Please give back the listing exactly, without any of its pictures.

BEGIN

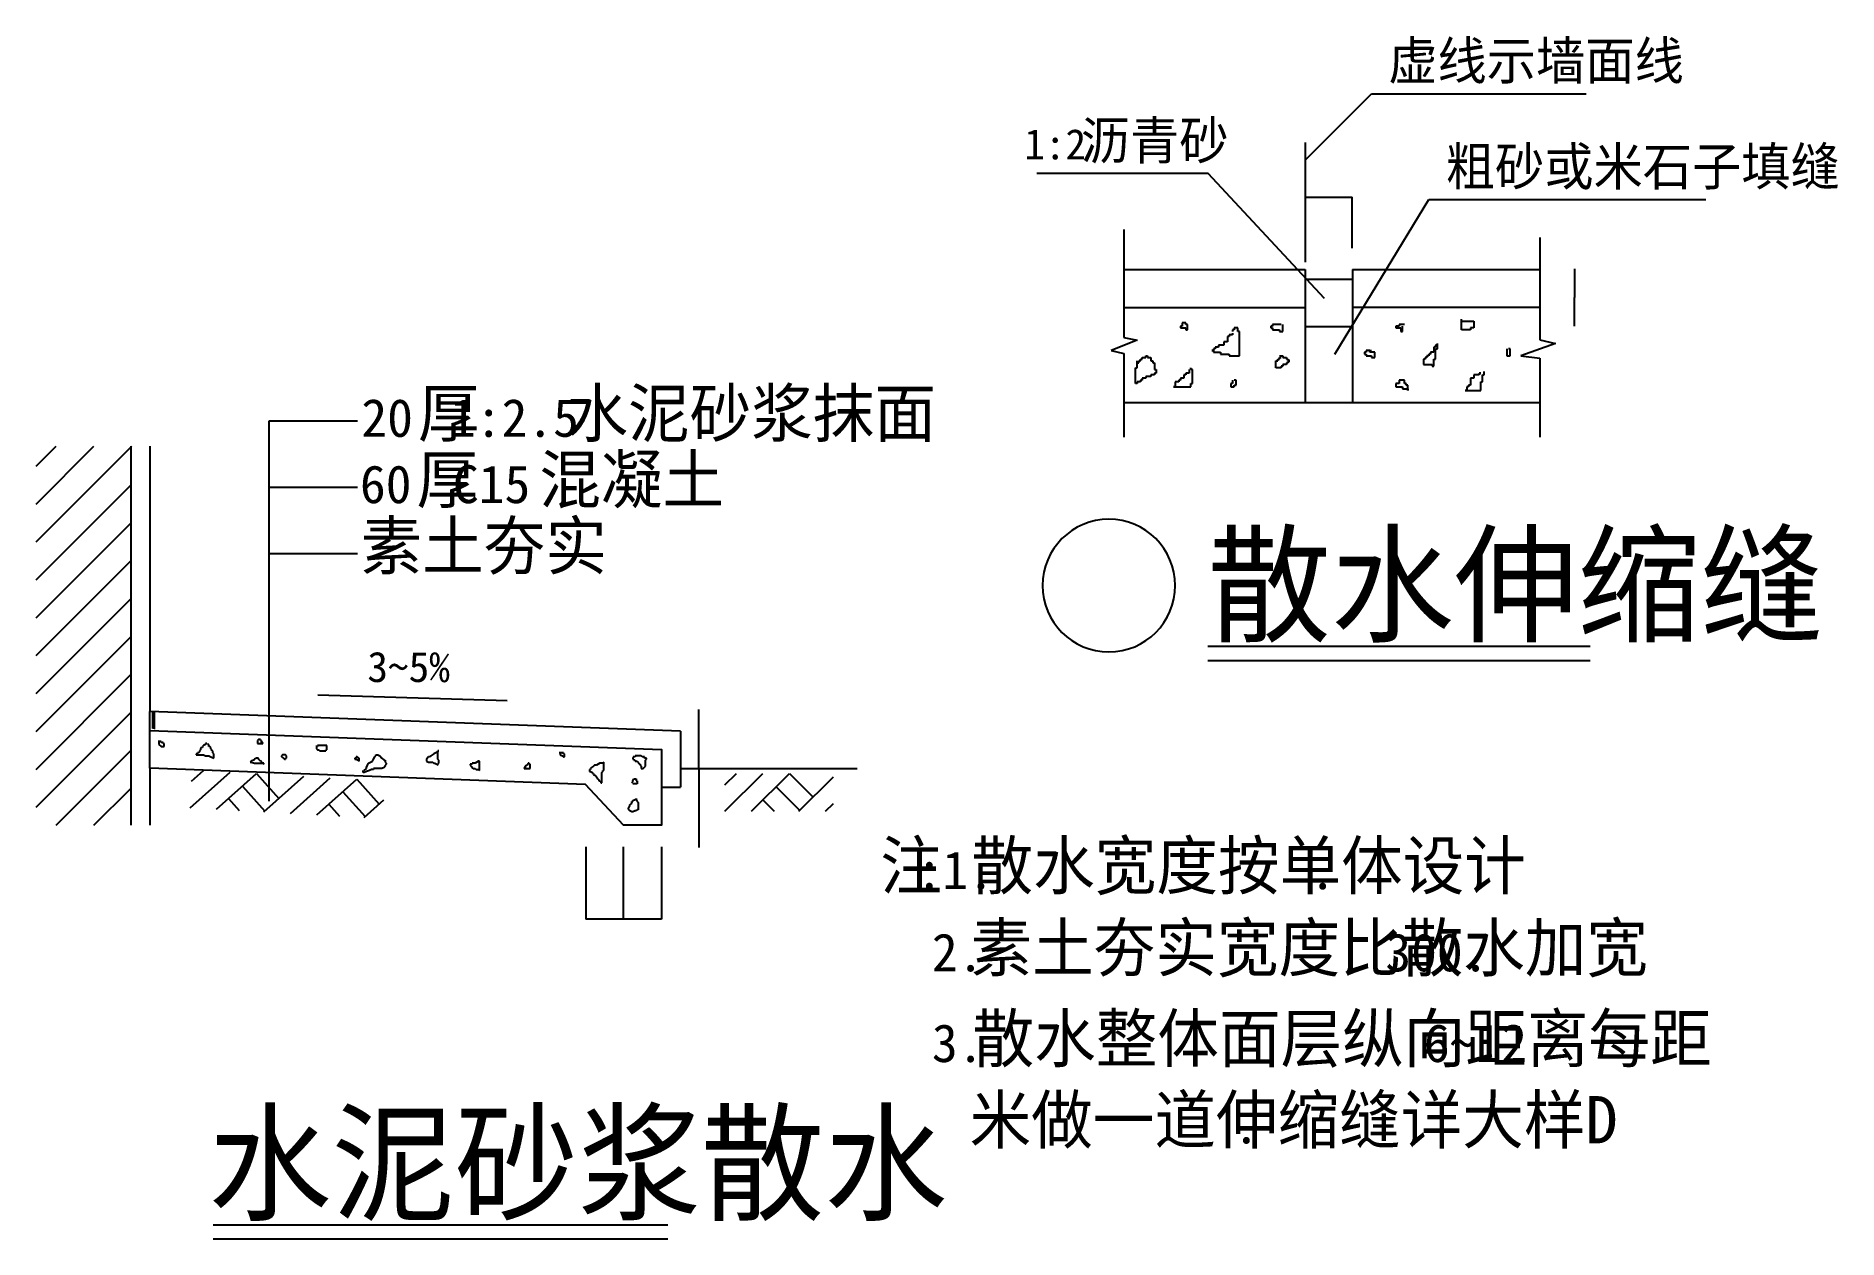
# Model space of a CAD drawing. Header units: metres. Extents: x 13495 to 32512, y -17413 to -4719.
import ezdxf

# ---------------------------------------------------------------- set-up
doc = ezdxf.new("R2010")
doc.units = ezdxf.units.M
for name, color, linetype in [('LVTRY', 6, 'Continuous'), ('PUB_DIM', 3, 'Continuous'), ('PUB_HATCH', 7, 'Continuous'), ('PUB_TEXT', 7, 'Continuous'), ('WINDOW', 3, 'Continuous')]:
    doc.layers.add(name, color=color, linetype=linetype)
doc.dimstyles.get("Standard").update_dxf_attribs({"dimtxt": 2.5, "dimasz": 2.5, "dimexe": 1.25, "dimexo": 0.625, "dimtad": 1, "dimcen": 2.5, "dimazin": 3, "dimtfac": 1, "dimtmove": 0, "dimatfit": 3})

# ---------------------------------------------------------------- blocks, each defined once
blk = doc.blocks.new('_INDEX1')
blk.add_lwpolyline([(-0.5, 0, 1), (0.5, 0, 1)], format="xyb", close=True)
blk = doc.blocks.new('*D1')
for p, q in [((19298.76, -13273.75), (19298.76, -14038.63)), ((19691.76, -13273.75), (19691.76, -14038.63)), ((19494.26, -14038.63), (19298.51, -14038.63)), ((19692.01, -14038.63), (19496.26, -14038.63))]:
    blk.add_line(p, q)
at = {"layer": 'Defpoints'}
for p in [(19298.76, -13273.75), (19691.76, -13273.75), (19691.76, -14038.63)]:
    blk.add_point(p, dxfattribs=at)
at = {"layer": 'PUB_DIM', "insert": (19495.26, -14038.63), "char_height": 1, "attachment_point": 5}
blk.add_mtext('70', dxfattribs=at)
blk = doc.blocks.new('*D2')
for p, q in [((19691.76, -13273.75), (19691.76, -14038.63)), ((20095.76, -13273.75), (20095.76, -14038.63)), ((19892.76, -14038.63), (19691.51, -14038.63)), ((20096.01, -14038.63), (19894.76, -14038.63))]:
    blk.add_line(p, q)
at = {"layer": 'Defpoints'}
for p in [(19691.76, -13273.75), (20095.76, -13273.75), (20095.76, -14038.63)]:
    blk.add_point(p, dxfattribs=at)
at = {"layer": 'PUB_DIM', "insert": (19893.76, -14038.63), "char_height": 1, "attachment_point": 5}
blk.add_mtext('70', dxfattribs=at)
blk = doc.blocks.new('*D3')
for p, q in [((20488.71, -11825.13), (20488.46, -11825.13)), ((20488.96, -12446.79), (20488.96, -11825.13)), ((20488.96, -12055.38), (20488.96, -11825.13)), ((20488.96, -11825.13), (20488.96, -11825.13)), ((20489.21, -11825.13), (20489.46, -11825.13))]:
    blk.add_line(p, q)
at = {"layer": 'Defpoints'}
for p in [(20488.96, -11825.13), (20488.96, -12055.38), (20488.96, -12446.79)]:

END

#### [ANSWER]
# Model space of a CAD drawing. Header units: metres. Extents: x 13495 to 32512, y -17413 to -4719.
import ezdxf

# ---------------------------------------------------------------- set-up
doc = ezdxf.new("R2010")
doc.units = ezdxf.units.M
for name, color, linetype in [('LVTRY', 6, 'Continuous'), ('PUB_DIM', 3, 'Continuous'), ('PUB_HATCH', 7, 'Continuous'), ('PUB_TEXT', 7, 'Continuous'), ('WINDOW', 3, 'Continuous')]:
    doc.layers.add(name, color=color, linetype=linetype)
doc.dimstyles.get("Standard").update_dxf_attribs({"dimtxt": 2.5, "dimasz": 2.5, "dimexe": 1.25, "dimexo": 0.625, "dimtad": 1, "dimcen": 2.5, "dimazin": 3, "dimtfac": 1, "dimtmove": 0, "dimatfit": 3})

# ---------------------------------------------------------------- blocks, each defined once
blk = doc.blocks.new('_INDEX1')
blk.add_lwpolyline([(-0.5, 0, 1), (0.5, 0, 1)], format="xyb", close=True)
blk = doc.blocks.new('*D1')
for p, q in [((19298.76, -13273.75), (19298.76, -14038.63)), ((19691.76, -13273.75), (19691.76, -14038.63)), ((19494.26, -14038.63), (19298.51, -14038.63)), ((19692.01, -14038.63), (19496.26, -14038.63))]:
    blk.add_line(p, q)
at = {"layer": 'Defpoints'}
for p in [(19298.76, -13273.75), (19691.76, -13273.75), (19691.76, -14038.63)]:
    blk.add_point(p, dxfattribs=at)
at = {"layer": 'PUB_DIM', "insert": (19495.26, -14038.63), "char_height": 1, "attachment_point": 5}
blk.add_mtext('70', dxfattribs=at)
blk = doc.blocks.new('*D2')
for p, q in [((19691.76, -13273.75), (19691.76, -14038.63)), ((20095.76, -13273.75), (20095.76, -14038.63)), ((19892.76, -14038.63), (19691.51, -14038.63)), ((20096.01, -14038.63), (19894.76, -14038.63))]:
    blk.add_line(p, q)
at = {"layer": 'Defpoints'}
for p in [(19691.76, -13273.75), (20095.76, -13273.75), (20095.76, -14038.63)]:
    blk.add_point(p, dxfattribs=at)
at = {"layer": 'PUB_DIM', "insert": (19893.76, -14038.63), "char_height": 1, "attachment_point": 5}
blk.add_mtext('70', dxfattribs=at)
blk = doc.blocks.new('*D3')
for p, q in [((20488.71, -11825.13), (20488.46, -11825.13)), ((20488.96, -12446.79), (20488.96, -11825.13)), ((20488.96, -12055.38), (20488.96, -11825.13)), ((20488.96, -11825.13), (20488.96, -11825.13)), ((20489.21, -11825.13), (20489.46, -11825.13))]:
    blk.add_line(p, q)
at = {"layer": 'Defpoints'}
for p in [(20488.96, -11825.13), (20488.96, -12055.38), (20488.96, -12446.79)]:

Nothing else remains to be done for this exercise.